GOAL OF THE EXERCISE -
If a line in the entries below holds the string "Demux", copy it.

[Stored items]
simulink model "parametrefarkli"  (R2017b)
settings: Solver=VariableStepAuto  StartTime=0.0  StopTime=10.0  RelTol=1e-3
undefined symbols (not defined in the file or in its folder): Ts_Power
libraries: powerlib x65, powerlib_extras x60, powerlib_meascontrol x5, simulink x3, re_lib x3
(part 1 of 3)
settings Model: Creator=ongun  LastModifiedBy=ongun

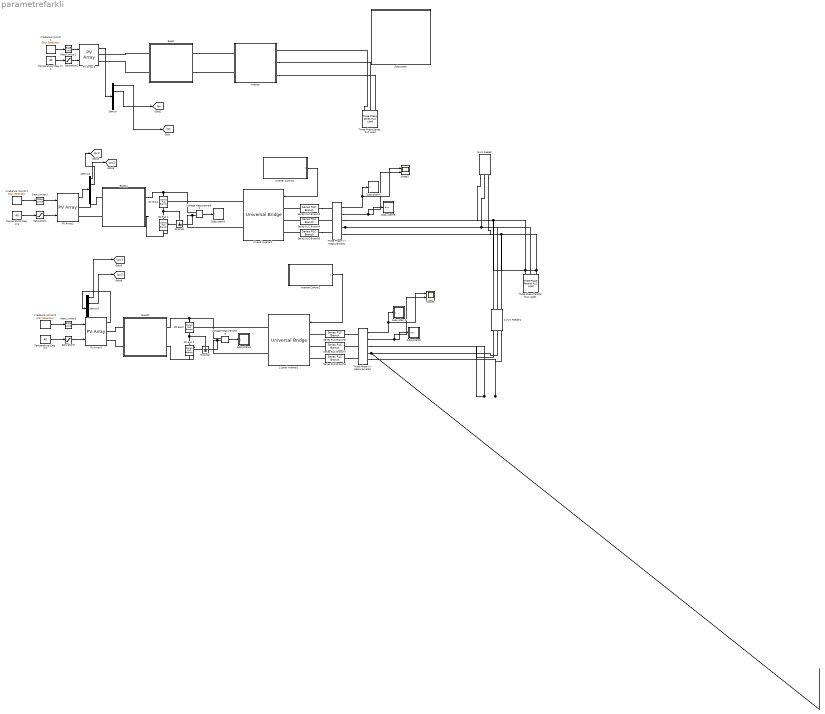
== system parametrefarkli ==
  11-km Feeder1 : powerlib/Elements/Distributed Parameters Line  Phases=3  Frequency=50  Resistance=[0.1153 0.413]  Inductance=[1.05e-3 3.32e-3]  Capacitance=[11.33e-009 5.01e-009]  Length=3  x1=[0 0 0;0 0 0;1.5707963267949 1.5707963267949 1.5707963267949]  x2=[0 0 0;0 0 0;1.5707963267949 1.5707963267949 1.5707963267949]  x3=[0 0 0;0 0 0;1.5707963267949 1.5707963267949 1.5707963267949]  x4=[0 0 0;0 0 0;1.5707963267949 1.5707963267949 1.5707963267949]  x5=1.22351460963897e-05  V1=[0 0 0;0 0 0;1.571 1.571 1.571]  V2=[0 0 0;0 0 0;1.571 1.571 1.571]  I1=[0 0 0;0 0 0;1.571 1.571 1.571]  I2=[0 0 0;0 0 0;1.571 1.571 1.571]  nHarmo=1  Measurements=None
      settings: SourceProductName=Simscape Power Systems
  2 Level Inverter1 : powerlib/Power Electronics/Universal Bridge  Arms=3  SnubberResistance=1e5  SnubberCapacitance=inf  Device=IGBT / Diodes  Ron=1e-3  Lon=0  ForwardVoltages="[  0  0  ]"  ForwardVoltage=0  GTOparameters=[ 10e-6 , 20e-6 ]  IGBTparameters=[ 1e-6 , 2e-6 ]  Measurements=UAB UBC UCA UDC voltages  Measurements_2=None  converterType=Rectifier
  2 Level Inverter2 : powerlib/Power Electronics/Universal Bridge  Arms=3  SnubberResistance=1e5  SnubberCapacitance=inf  Device=IGBT / Diodes  Ron=1e-3  Lon=0  ForwardVoltages="[  0  0  ]"  ForwardVoltage=0  GTOparameters=[ 10e-6 , 20e-6 ]  IGBTparameters=[ 1e-6 , 2e-6 ]  Measurements=UAB UBC UCA UDC voltages  Measurements_2=None  converterType=Rectifier
  8-km Feeder : powerlib/Elements/Distributed Parameters Line  Phases=3  Frequency=50  Resistance=[0.1153 0.413]  Inductance=[1.05e-3 3.32e-3]  Capacitance=[11.33e-009 5.01e-009]  Length=100  x1=[0 0 0;0 0 0;1.5707963267949 1.5707963267949 1.5707963267949]  x2=[0 0 0;0 0 0;1.5707963267949 1.5707963267949 1.5707963267949]  x3=[0 0 0;0 0 0;1.5707963267949 1.5707963267949 1.5707963267949]  x4=[0 0 0;0 0 0;1.5707963267949 1.5707963267949 1.5707963267949]  x5=0.00040783820321299  V1=[0 0 0;0 0 0;1.571 1.571 1.571]  V2=[0 0 0;0 0 0;1.571 1.571 1.571]  I1=[0 0 0;0 0 0;1.571 1.571 1.571]  I2=[0 0 0;0 0 0;1.571 1.571 1.571]  nHarmo=1  Measurements=None
      settings: SourceProductName=Simscape Power Systems
  Boost : Subsystem
      mask Display: disp('Boost Converter')
  Boost1 : Subsystem
      mask Display: disp('Boost Converter')
  Boost2 : Subsystem
      mask Display: disp('Boost Converter')
  DC Bus 1 : powerlib/Elements/Series RLC Branch  LConnTagsString=__new0  RConnTagsString=__new0  BranchType=C  Resistance=1  Inductance=5e-03  SetiL0=off  InitialCurrent=0  Capacitance=10e-3/2  Setx0=off  InitialVoltage=1000/2  Measurements=None
  DC Bus 2 : powerlib/Elements/Series RLC Branch  LConnTagsString=__new0  RConnTagsString=__new0  BranchType=C  Resistance=1  Inductance=5e-03  SetiL0=off  InitialCurrent=0  Capacitance=10e-3/2  Setx0=off  InitialVoltage=1000/2  Measurements=None
  DC Bus1 : powerlib/Elements/Series RLC Branch  LConnTagsString=__new0  RConnTagsString=__new0  BranchType=C  Resistance=1  Inductance=5e-03  SetiL0=off  InitialCurrent=0  Capacitance=10e-3/2  Setx0=off  InitialVoltage=1000/2  Measurements=None
  DC Bus2 : powerlib/Elements/Series RLC Branch  LConnTagsString=__new0  RConnTagsString=__new0  BranchType=C  Resistance=1  Inductance=5e-03  SetiL0=off  InitialCurrent=0  Capacitance=10e-3/2  Setx0=off  InitialVoltage=1000/2  Measurements=None
  Demux : Demux  Outputs=5
  Demux2 : Demux  Outputs=5
  Demux3 : Demux  Outputs=5
  Ground1 : powerlib/Elements/Ground  LConnTagsString=a
  Ground2 : powerlib/Elements/Ground  LConnTagsString=a
  Inverter : Subsystem
      mask Display: disp('DC/AC Inverter')
  Inverter Control1 : Subsystem
  Inverter Control2 : Subsystem
  Irradiance (W/m2) 1 : powerlib_meascontrol/Pulse & Signal Generators/Stair Generator  t=[0, 0.5, 2.3]  e=[1,0.05, 1.0]*1000  Ts=Ts_Power
      settings: SourceProductName=Simscape Power Systems
  Irradiance (W/m2)1 : powerlib_meascontrol/Pulse & Signal Generators/Stair Generator  t=[0, 0.4, 1.0]  e=[1, 0.2, 1]*1000  Ts=5e-5
      settings: SourceProductName=Simscape Power Systems
  Irradiance (W/m2)2 : powerlib_meascontrol/Pulse & Signal Generators/Stair Generator  t=[0, 0.4, 1.0]  e=[1, 0.2, 1]*1000  Ts=5e-5
      settings: SourceProductName=Simscape Power Systems
  PV Array 1 : re_lib/Solar/PV Array  Npar=64  Nser=5  PlotType=array @ 1000 W/m2 & specified temperatures  S_vec="[ 1000  500  100 ]"  Temp_C_vec="[ 45 25  ]"  ModuleName=SunPower SPR-315E-WHT-D  PlotWhenSelected=off  Pm=315.072  Ncell=96  Voc=64.6  Isc=6.14  Vm=54.7  Im=5.76  beta_Voc_pc=-0.27269  alpha_Isc_pc=0.061694  beta_Voc=-0.17616  alpha_Isc=0.003788  IL=6.1461  I0=6.5043e-12  nI=0.9507  Rsh=430.0559  Rs=0.43042  BAL=off  Tc=1e-6  Tfilter=5e-5
  PV Array2 : re_lib/Solar/PV Array  Npar=88  Nser=7  PlotType=array @ 1000 W/m2 & specified temperatures  S_vec="[ 1000  500  100 ]"  Temp_C_vec="[ 45 25  ]"  ModuleName=SunPower SPR-415E-WHT-D  PlotWhenSelected=off  Pm=414.801  Ncell=128  Voc=85.3  Isc=6.09  Vm=72.9  Im=5.69  beta_Voc_pc=-0.229  alpha_Isc_pc=0.030706  beta_Voc=-0.19534  alpha_Isc=0.00187  IL=6.0978  I0=7.1712e-13  nI=0.87223  Rsh=419.7813  Rs=0.5371  BAL=on  Tc=1e-6  Tfilter=5e-5
      settings: AttributesFormatString=|
      | %<ModuleName>
      | %<Nser>-module string
      | %<Npar> parallel strings
  PV Array3 : re_lib/Solar/PV Array  Npar=88  Nser=7  PlotType=array @ 1000 W/m2 & specified temperatures  S_vec="[ 1000  500  100 ]"  Temp_C_vec="[ 45 25  ]"  ModuleName=SunPower SPR-415E-WHT-D  PlotWhenSelected=off  Pm=414.801  Ncell=128  Voc=85.3  Isc=6.09  Vm=72.9  Im=5.69  beta_Voc_pc=-0.229  alpha_Isc_pc=0.030706  beta_Voc=-0.19534  alpha_Isc=0.00187  IL=6.0978  I0=7.1712e-13  nI=0.87223  Rsh=419.7813  Rs=0.5371  BAL=on  Tc=1e-6  Tfilter=5e-5
      settings: AttributesFormatString=|
      | %<ModuleName>
      | %<Nser>-module string
      | %<Npar> parallel strings
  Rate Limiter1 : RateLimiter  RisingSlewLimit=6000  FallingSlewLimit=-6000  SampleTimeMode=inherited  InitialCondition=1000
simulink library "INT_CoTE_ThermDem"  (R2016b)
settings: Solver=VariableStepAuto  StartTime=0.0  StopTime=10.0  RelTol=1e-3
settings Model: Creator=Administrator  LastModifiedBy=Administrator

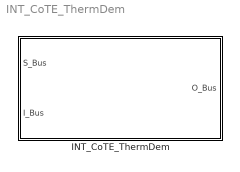
== system INT_CoTE_ThermDem ==
  INT_CoTE_ThermDem : Subsystem

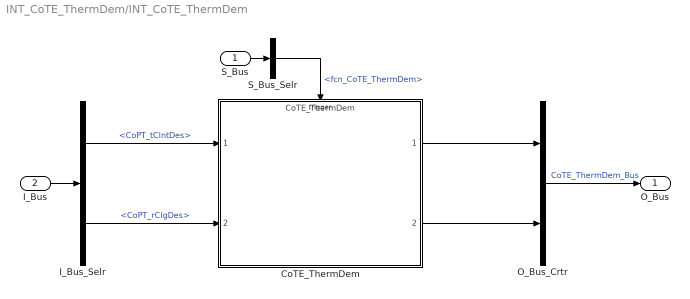
== system INT_CoTE_ThermDem/INT_CoTE_ThermDem ==
  S_Bus : Inport
  I_Bus : Inport  Port=2
  CoTE_ThermDem : ModelReference  ModelNameDialog=CoTE_ThermDem  SimulationMode=Normal  ModelReferenceVersion=1.8  TriggerPortName=function  TriggerPortTriggerType=function-call  TriggerPortStatesWhenEnabling=held
  I_Bus_Selr : BusSelector  OutputSignals=CoPT_tClntDes,CoPT_rClgDes
  O_Bus_Crtr : BusCreator  Inputs=2
  S_Bus_Selr : BusSelector  OutputSignals=fcn_CoTE_ThermDem
  O_Bus : Outport
  wires:
  S_Bus_Selr/1 -> CoTE_ThermDem/Trigger  "<fcn_CoTE_ThermDem>"
  S_Bus/1 -> S_Bus_Selr/1
  I_Bus/1 -> I_Bus_Selr/1
  I_Bus_Selr/1 -> CoTE_ThermDem/1  "<CoPT_tClntDes>"
  I_Bus_Selr/2 -> CoTE_ThermDem/2  "<CoPT_rClgDes>"
  O_Bus_Crtr/1 -> O_Bus/1  "CoTE_ThermDem_Bus"
  CoTE_ThermDem/1 -> O_Bus_Crtr/1
  CoTE_ThermDem/2 -> O_Bus_Crtr/2

ANSWER BOX -
  Demux : Demux  Outputs=5
  Demux2 : Demux  Outputs=5
  Demux3 : Demux  Outputs=5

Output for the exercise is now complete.